What was the turning point, and opened my eyes to the reality of my drinking habit was one particularly big night out. I was really upset and disappointed about a particular situation in my life and to drown my sorrows, I got completely smashed at the pub after work. Waking up the next morning I felt so mentally, emotionally, and physically awful. Enough was enough. I decided then and there something needed to change. I knew that I no longer had a healthy boundary with alcohol, so I came up with a plan. I downloaded a sobriety app and made the decision to stop drinking for at least 90 days. I figured this would give me a chance to reset and feel better.

And my gosh did I feel better, so much so that I decided to continue the sober journey up until running my marathon – which ended up being a little over 6 months in total. I had never felt more clear-minded, healthy and confident in myself.

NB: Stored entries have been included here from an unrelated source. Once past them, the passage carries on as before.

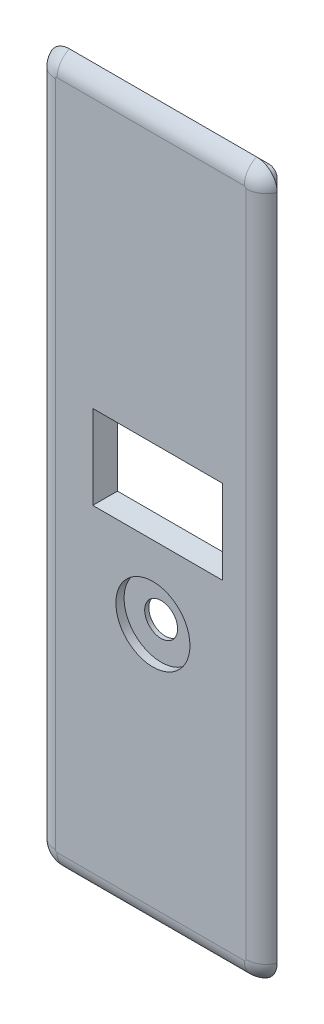
ISO-10303-21;
HEADER;
FILE_DESCRIPTION(('STEP AP214'),'2;1');
FILE_NAME('part.step','',(''),(''),'','','');
FILE_SCHEMA(('AUTOMOTIVE_DESIGN { 1 0 10303 214 1 1 1 1 }'));
ENDSEC;
DATA;
#1=APPLICATION_CONTEXT('core data for automotive mechanical design processes');
#2=APPLICATION_PROTOCOL_DEFINITION('international standard','automotive_design',2000,#1);
#3=PRODUCT_CONTEXT('',#1,'mechanical');
#4=PRODUCT('Part','Part','',(#3));
#5=PRODUCT_RELATED_PRODUCT_CATEGORY('part','',(#4));
#6=PRODUCT_DEFINITION_FORMATION('','',#4);
#7=PRODUCT_DEFINITION_CONTEXT('part definition',#1,'design');
#8=PRODUCT_DEFINITION('design','',#6,#7);
#9=PRODUCT_DEFINITION_SHAPE('','',#8);
#10=(LENGTH_UNIT() NAMED_UNIT(*) SI_UNIT(.MILLI.,.METRE.));
#11=(NAMED_UNIT(*) PLANE_ANGLE_UNIT() SI_UNIT($,.RADIAN.));
#12=(NAMED_UNIT(*) SI_UNIT($,.STERADIAN.) SOLID_ANGLE_UNIT());
#13=UNCERTAINTY_MEASURE_WITH_UNIT(LENGTH_MEASURE(1.E-05),#10,'distance_accuracy_value','');
#14=(GEOMETRIC_REPRESENTATION_CONTEXT(3) GLOBAL_UNCERTAINTY_ASSIGNED_CONTEXT((#13)) GLOBAL_UNIT_ASSIGNED_CONTEXT((#10,
#11,#12)) REPRESENTATION_CONTEXT('',''));
#15=CARTESIAN_POINT('',(0.,0.,0.));
#16=DIRECTION('',(0.,0.,1.));
#17=DIRECTION('',(1.,0.,0.));
#18=AXIS2_PLACEMENT_3D('',#15,#16,#17);
#19=CARTESIAN_POINT('',(0.548000000000118,-9.90000000000046,3.));
#20=DIRECTION('',(0.,0.,-1.));
#21=DIRECTION('',(-1.,0.,0.));
#22=AXIS2_PLACEMENT_3D('',#19,#20,#21);
#23=CYLINDRICAL_SURFACE('',#22,4.);
#24=CARTESIAN_POINT('',(0.548000000000118,-9.90000000000046,0.));
#25=DIRECTION('',(0.,0.,1.));
#26=DIRECTION('',(1.,0.,0.));
#27=AXIS2_PLACEMENT_3D('',#24,#25,#26);
#28=CIRCLE('',#27,4.);
#29=CARTESIAN_POINT('',(4.54800000000012,-9.90000000000046,0.));
#30=VERTEX_POINT('',#29);
#31=EDGE_CURVE('E216',#30,#30,#28,.T.);
#32=ORIENTED_EDGE('',*,*,#31,.F.);
#33=EDGE_LOOP('',(#32));
#34=FACE_BOUND('',#33,.T.);
#35=CARTESIAN_POINT('',(0.548000000000118,-9.90000000000046,1.));
#36=DIRECTION('',(0.,0.,1.));
#37=DIRECTION('',(1.,0.,0.));
#38=AXIS2_PLACEMENT_3D('',#35,#36,#37);
#39=CIRCLE('',#38,4.);
#40=CARTESIAN_POINT('',(4.54800000000012,-9.90000000000046,1.));
#41=VERTEX_POINT('',#40);
#42=EDGE_CURVE('E39',#41,#41,#39,.T.);
#43=ORIENTED_EDGE('',*,*,#42,.T.);
#44=EDGE_LOOP('',(#43));
#45=FACE_BOUND('',#44,.T.);
#46=ADVANCED_FACE('F35',(#34,#45),#23,.F.);
#47=CARTESIAN_POINT('',(22.74,-69.15,-3.));
#48=DIRECTION('',(0.,0.,1.));
#49=DIRECTION('',(1.,0.,0.));
#50=AXIS2_PLACEMENT_3D('',#47,#48,#49);
#51=CYLINDRICAL_SURFACE('',#50,2.);
#52=CARTESIAN_POINT('',(22.74,-69.15,0.));
#53=DIRECTION('',(0.,0.,1.));
#54=DIRECTION('',(1.,0.,0.));
#55=AXIS2_PLACEMENT_3D('',#52,#53,#54);
#56=CIRCLE('',#55,2.);
#57=CARTESIAN_POINT('',(22.74,-71.15,0.));
#58=VERTEX_POINT('',#57);
#59=CARTESIAN_POINT('',(24.74,-69.15,0.));
#60=VERTEX_POINT('',#59);
#61=EDGE_CURVE('E282',#58,#60,#56,.T.);
#62=ORIENTED_EDGE('',*,*,#61,.F.);
#63=DIRECTION('',(0.,0.,1.));
#64=VECTOR('',#63,1.);
#65=CARTESIAN_POINT('',(22.74,-71.15,-3.));
#66=LINE('',#65,#64);
#67=CARTESIAN_POINT('',(22.74,-71.15,-3.));
#68=VERTEX_POINT('',#67);
#69=EDGE_CURVE('E339',#68,#58,#66,.T.);
#70=ORIENTED_EDGE('',*,*,#69,.F.);
#71=CARTESIAN_POINT('',(22.74,-69.15,-3.));
#72=DIRECTION('',(0.,0.,1.));
#73=DIRECTION('',(1.,0.,0.));
#74=AXIS2_PLACEMENT_3D('',#71,#72,#73);
#75=CIRCLE('',#74,2.);
#76=CARTESIAN_POINT('',(24.74,-69.15,-3.));
#77=VERTEX_POINT('',#76);
#78=EDGE_CURVE('E291',#68,#77,#75,.T.);
#79=ORIENTED_EDGE('',*,*,#78,.T.);
#80=DIRECTION('',(0.,0.,1.));
#81=VECTOR('',#80,1.);
#82=CARTESIAN_POINT('',(24.74,-69.15,-3.));
#83=LINE('',#82,#81);
#84=EDGE_CURVE('E316',#77,#60,#83,.T.);
#85=ORIENTED_EDGE('',*,*,#84,.T.);
#86=EDGE_LOOP('',(#62,#70,#79,#85));
#87=FACE_BOUND('',#86,.T.);
#88=ADVANCED_FACE('F439',(#87),#51,.T.);
#89=CARTESIAN_POINT('',(-22.74,-71.15,-3.));
#90=DIRECTION('',(0.,-1.,0.));
#91=DIRECTION('',(0.,0.,-1.));
#92=AXIS2_PLACEMENT_3D('',#89,#90,#91);
#93=PLANE('',#92);
#94=DIRECTION('',(1.,0.,0.));
#95=VECTOR('',#94,1.);
#96=CARTESIAN_POINT('',(-22.74,-71.15,0.));
#97=LINE('',#96,#95);
#98=CARTESIAN_POINT('',(-22.74,-71.15,0.));
#99=VERTEX_POINT('',#98);
#100=EDGE_CURVE('E295',#99,#58,#97,.T.);
#101=ORIENTED_EDGE('',*,*,#100,.F.);
#102=DIRECTION('',(0.,0.,1.));
#103=VECTOR('',#102,1.);
#104=CARTESIAN_POINT('',(-22.74,-71.15,-3.));
#105=LINE('',#104,#103);
#106=CARTESIAN_POINT('',(-22.74,-71.15,-3.));
#107=VERTEX_POINT('',#106);
#108=EDGE_CURVE('E343',#107,#99,#105,.T.);
#109=ORIENTED_EDGE('',*,*,#108,.F.);
#110=DIRECTION('',(1.,0.,0.));
#111=VECTOR('',#110,1.);
#112=CARTESIAN_POINT('',(-22.74,-71.15,-3.));
#113=LINE('',#112,#111);
#114=EDGE_CURVE('E313',#107,#68,#113,.T.);
#115=ORIENTED_EDGE('',*,*,#114,.T.);
#116=ORIENTED_EDGE('',*,*,#69,.T.);
#117=EDGE_LOOP('',(#101,#109,#115,#116));
#118=FACE_BOUND('',#117,.T.);
#119=ADVANCED_FACE('F445',(#118),#93,.T.);
#120=CARTESIAN_POINT('',(-22.74,-69.15,-3.));
#121=DIRECTION('',(0.,0.,1.));
#122=DIRECTION('',(1.,0.,0.));
#123=AXIS2_PLACEMENT_3D('',#120,#121,#122);
#124=CYLINDRICAL_SURFACE('',#123,2.00000000000001);
#125=CARTESIAN_POINT('',(-22.74,-69.15,0.));
#126=DIRECTION('',(0.,0.,1.));
#127=DIRECTION('',(1.,0.,0.));
#128=AXIS2_PLACEMENT_3D('',#125,#126,#127);
#129=CIRCLE('',#128,2.00000000000001);
#130=CARTESIAN_POINT('',(-24.74,-69.15,0.));
#131=VERTEX_POINT('',#130);
#132=EDGE_CURVE('E334',#131,#99,#129,.T.);
#133=ORIENTED_EDGE('',*,*,#132,.F.);
#134=DIRECTION('',(0.,0.,1.));
#135=VECTOR('',#134,1.);
#136=CARTESIAN_POINT('',(-24.74,-69.15,-3.));
#137=LINE('',#136,#135);
#138=CARTESIAN_POINT('',(-24.74,-69.15,-3.));
#139=VERTEX_POINT('',#138);
#140=EDGE_CURVE('E345',#139,#131,#137,.T.);
#141=ORIENTED_EDGE('',*,*,#140,.F.);
#142=CARTESIAN_POINT('',(-22.74,-69.15,-3.));
#143=DIRECTION('',(0.,0.,1.));
#144=DIRECTION('',(1.,0.,0.));
#145=AXIS2_PLACEMENT_3D('',#142,#143,#144);
#146=CIRCLE('',#145,2.00000000000001);
#147=EDGE_CURVE('E310',#139,#107,#146,.T.);
#148=ORIENTED_EDGE('',*,*,#147,.T.);
#149=ORIENTED_EDGE('',*,*,#108,.T.);
#150=EDGE_LOOP('',(#133,#141,#148,#149));
#151=FACE_BOUND('',#150,.T.);
#152=ADVANCED_FACE('F482',(#151),#124,.T.);
#153=CARTESIAN_POINT('',(-24.74,93.04,-3.));
#154=DIRECTION('',(-1.,0.,0.));
#155=DIRECTION('',(0.,-1.,0.));
#156=AXIS2_PLACEMENT_3D('',#153,#154,#155);
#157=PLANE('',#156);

Some of the key positives I got from taking a break were:

  • My anxiety was less frequent and more controllable

  • I slept better so my morning routine became consistent which resulted in my bible and prayer time improving

  • I felt fitter because I always felt 100% enough to stick to my training plan

  • My skin had a glow up

  • I proved to myself that I didn’t need a drink to dance my heart out at the Christmas Party

  • Life got a bit cheaper!

My six months of going sober wasn’t a kick-start to a lifetime of sobriety. I didn’t plan to give up alcohol for good, but I am willing to give it up if I can’t maintain healthy boundaries or recognise my limits. I’d rather live a life sober than to fall back into the drinking cycle I found myself in. I’m still your friend who loves a glass of wine. I will enjoy a drink with you on a night out, but I also know I can make it actually that - just one drink, and I can have just as good a time without any. When I’m having a tough day I find I don’t crave wine, I’d rather ride it out sober knowing that in the morning I will feel better about whatever was getting me down, and I’ll be more in control of my emotions.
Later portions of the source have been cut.